Pathology of Pulpitis Flashcards
What is acute inflammation?
-An immediate response to insult
-There is dilation & an increased permeability of microvasculature
-Exudation of fluid
-Emigration of leukocytes (particularly neutrophils)
What are the outcomes of acute inflammation?
-Complete resolution occurs with regeneration of native cells and restoration to normalcy
-Healing by connective tissue replacement (fibrosis) occurs after substantial tissue destruction and in non-regenerating tissues
-Progresses to chronic inflammation
What is chronic inflammation?
-Prolonged response to persistent stimuli
-Involves lymphocytes, plasma cells & macrophages
-Co-existing injury, inflammation and repair
What is pulpitis?
Inflammation of the pulp
Describe the aetiology of pulpitis.
The most common cause is microbial
Can also be caused by thermal insult: insufficient cooling of dental hand piece
Chemical insult
How can bacteria damage the pulp?
They can damage the pulp through toxins or directly after extension
They gain access through:
Carious cavitation
Attrition/Abrasion/Erosion
Fracture, cracked tooth
Perio-endo lesion
Iatrogenic
How can you classify pulpitis?
Acute or chronic (from clinical & histological findings)
Reversible or irreversible (from clinical findings)
Open or closed
Subtotal or generalised
Sterile or infected
Why does pulpitis usually result in pulp necrosis with periapical periodontitis as an outcome?
-Because the pulp chamber is enclosed in dental hard tissue with limited blood supply through narrow opening of mature apical foramen
-So an increase in pulpal pressure due to oedema can result in venous stasis which can lead to ischaemia which can lead to necrosis
Which local & systemic factors affect healing?
Local:
blood supply
degree of infection
persistent irritation
mobility
Systemic:
age
nutrition
pre-existing medical condition
What factors influence the progress of pulpitis?
Host factors:
pulpal anatomy
apical blood flow
pre-existing state of pulp
Irritant:
nature
severity
duration
What happens when there’s acute inflammation of the pulp?
- Initial constriction and then dilation of vessels
-Increased blood flow
-Formation of exudate
-Neutrophils (moving from blood vessels to surrounding tissues)
-Oedema
-Destruction of odontoblasts and adjacent pulpal tissue
-Variable necrosis
-Variable abscess formation (look at pic for more info)
What happens when there is chronic inflammation of the pulp?

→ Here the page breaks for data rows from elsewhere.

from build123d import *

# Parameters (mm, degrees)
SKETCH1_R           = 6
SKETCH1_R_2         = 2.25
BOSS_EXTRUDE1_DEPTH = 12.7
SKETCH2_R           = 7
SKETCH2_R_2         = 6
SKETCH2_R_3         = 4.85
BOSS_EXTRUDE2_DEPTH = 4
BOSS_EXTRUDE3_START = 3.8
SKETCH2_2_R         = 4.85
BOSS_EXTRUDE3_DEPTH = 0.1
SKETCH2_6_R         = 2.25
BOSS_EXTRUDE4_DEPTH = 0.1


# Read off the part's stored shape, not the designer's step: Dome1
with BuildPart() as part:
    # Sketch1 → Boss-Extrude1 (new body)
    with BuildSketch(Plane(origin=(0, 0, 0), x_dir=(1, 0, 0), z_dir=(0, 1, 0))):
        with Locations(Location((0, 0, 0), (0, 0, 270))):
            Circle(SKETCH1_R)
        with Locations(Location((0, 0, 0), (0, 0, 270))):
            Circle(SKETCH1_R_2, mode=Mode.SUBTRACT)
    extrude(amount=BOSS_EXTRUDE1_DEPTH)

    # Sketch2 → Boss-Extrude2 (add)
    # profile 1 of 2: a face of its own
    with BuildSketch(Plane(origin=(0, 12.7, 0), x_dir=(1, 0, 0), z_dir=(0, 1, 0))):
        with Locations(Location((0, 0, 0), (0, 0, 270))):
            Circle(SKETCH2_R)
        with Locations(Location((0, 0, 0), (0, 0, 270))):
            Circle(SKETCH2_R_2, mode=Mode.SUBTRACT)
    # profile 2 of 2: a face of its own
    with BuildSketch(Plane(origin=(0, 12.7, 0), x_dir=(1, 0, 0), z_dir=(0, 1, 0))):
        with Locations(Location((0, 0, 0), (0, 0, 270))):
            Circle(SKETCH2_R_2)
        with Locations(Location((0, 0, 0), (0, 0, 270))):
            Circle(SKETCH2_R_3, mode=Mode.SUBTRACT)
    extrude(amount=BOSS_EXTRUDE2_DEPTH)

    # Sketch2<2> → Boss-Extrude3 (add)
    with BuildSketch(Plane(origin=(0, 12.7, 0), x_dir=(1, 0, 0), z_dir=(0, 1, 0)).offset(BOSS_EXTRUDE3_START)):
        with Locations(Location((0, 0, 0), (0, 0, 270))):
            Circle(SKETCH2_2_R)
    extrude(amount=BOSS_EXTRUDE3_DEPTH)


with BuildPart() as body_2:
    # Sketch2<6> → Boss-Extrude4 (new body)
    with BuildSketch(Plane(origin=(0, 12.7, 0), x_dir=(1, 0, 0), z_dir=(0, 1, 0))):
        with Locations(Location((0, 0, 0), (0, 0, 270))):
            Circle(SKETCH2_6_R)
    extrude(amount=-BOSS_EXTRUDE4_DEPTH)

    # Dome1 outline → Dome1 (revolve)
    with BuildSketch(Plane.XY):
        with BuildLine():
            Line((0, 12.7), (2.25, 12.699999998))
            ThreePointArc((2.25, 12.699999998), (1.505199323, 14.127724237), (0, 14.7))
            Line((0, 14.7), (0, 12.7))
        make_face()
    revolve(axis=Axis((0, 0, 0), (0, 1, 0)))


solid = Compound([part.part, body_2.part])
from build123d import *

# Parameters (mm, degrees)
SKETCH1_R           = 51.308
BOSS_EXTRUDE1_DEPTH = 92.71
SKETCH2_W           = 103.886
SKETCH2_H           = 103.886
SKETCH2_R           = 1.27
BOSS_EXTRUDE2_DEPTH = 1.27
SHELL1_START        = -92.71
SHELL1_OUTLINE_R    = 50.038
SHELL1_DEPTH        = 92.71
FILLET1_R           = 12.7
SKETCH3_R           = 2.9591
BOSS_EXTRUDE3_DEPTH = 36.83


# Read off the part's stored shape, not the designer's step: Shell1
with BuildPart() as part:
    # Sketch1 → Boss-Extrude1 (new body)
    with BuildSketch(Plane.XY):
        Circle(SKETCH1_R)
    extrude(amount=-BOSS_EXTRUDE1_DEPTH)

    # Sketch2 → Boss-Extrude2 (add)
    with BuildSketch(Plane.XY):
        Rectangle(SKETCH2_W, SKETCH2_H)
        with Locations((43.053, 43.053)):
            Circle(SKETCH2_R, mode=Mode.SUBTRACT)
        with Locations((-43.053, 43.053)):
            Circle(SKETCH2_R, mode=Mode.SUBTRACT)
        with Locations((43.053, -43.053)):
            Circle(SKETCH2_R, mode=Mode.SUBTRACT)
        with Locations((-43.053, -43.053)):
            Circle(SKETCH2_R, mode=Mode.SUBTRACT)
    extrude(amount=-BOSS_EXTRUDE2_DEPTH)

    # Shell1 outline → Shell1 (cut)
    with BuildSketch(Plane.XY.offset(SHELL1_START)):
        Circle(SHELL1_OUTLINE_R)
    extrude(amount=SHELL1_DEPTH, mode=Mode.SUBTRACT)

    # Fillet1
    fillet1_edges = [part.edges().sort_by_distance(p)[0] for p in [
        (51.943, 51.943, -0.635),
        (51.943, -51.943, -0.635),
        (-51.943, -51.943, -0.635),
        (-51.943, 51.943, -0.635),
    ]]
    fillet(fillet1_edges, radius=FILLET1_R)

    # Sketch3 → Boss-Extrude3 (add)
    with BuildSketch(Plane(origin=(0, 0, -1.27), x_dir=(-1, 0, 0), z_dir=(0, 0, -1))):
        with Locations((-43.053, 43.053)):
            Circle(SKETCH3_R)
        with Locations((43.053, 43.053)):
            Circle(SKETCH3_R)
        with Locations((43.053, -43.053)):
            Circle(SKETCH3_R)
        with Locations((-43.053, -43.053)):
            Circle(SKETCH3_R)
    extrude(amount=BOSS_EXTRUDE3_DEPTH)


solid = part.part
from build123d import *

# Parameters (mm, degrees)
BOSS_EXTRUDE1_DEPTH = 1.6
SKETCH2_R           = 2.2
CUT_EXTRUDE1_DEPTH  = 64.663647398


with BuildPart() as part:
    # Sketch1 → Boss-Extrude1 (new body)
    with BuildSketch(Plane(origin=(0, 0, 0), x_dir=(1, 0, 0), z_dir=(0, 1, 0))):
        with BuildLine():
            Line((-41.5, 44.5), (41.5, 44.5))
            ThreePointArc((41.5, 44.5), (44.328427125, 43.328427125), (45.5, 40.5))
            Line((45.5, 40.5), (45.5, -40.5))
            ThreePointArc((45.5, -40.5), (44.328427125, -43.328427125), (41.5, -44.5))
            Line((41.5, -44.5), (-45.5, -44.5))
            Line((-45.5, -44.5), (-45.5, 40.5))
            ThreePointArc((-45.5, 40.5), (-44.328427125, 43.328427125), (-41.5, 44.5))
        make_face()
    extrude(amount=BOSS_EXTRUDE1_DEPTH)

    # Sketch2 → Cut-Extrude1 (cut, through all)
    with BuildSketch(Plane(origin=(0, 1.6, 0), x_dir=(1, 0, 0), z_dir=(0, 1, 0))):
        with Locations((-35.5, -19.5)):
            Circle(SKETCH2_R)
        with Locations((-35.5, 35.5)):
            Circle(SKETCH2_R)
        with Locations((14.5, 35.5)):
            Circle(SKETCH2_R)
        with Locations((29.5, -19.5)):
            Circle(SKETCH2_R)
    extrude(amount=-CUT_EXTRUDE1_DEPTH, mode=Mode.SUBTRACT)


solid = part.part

- Lymphocytes, plasma cells, macrophages
- Variable necrosis
What does an inflamed pulp look like histologically:
- Dense acute inflammatory infiltrate of neutrophils
- Presence of chronic inflammatory cells such as : plasma cells and lymphocytes
What does a necrotic pulp look like histologically?
The pulp is dead
What is the main symptom of pulpitis?
-Pain
-Pulps of individual teeth are not precisely represented in the sensory cortex, therefore pain can be poorly localised.
-Can be felt in the upper or lower jaw or more rarely distant sites such as the ear
-Pain is not provoked by pressure to surface of tooth (biting, percussion) as infection/inflammation not spread to periapical tissues
What are the symptoms of reversible pulpitis?
Hypersensitive to hot and cold
Pain subsides on removal of the stimulus
Positive response to vitality testing
What are the symptoms of irreversible pulpitis?
As inflammation progresses, pain becomes persistent and spontaneous
Reduced or no response to vitality testing
What’s is Vitality testing?
technique that is uses either thermal or electrical stimulation to determine where there a tooth is vital or nonvital.
What would you see in reversible pulpitis?
-Hyperaemia
-Oedema
-Chronic inflammatory cells underlying the area of affected dentinal tubules
-Scattered acute inflammatory cells are found occasionally
-Can see reparative secondary dentine
What would you see in irreversible pulpitis?
-Often congestion of venules that results in focal necrosis
-Surrounding pulp tissue can show fibrosis
-Mixture of neutrophils, plasma cells, lymphocytes and macrophages
How would you treat reversible & irreversible pulpitis?
Reversible pulpitis is treated by removal of the local irritant
Irreversible pulpitis treated by tooth extraction or root canal treatment
Is pulpitis usually open or closed?
The vast majority is usually closed
What is open pulpitis and where might you see it?
In open pulpitis, pulp survives chronically inflamed beneath a large exposure despite heavy infection
Often associated with open apices (see in children) giving a good blood supply
What is chronic hyperplastic pulpitis (pulpal polyp)?
-Deciduous molars or first permanent molars in children (have large pulp chambers)
-Large carious exposures of the pulp in which entire dentinal roof often missing.
-Chronic inflammation produces hyper plastic granulation tissue that extrudes from the pulp chamber
-The apex may be open and reduces the chance of pulpal necrosis
-Tooth is asymptomatic except for a possible feeling of pressure when it is placed into masticatory function.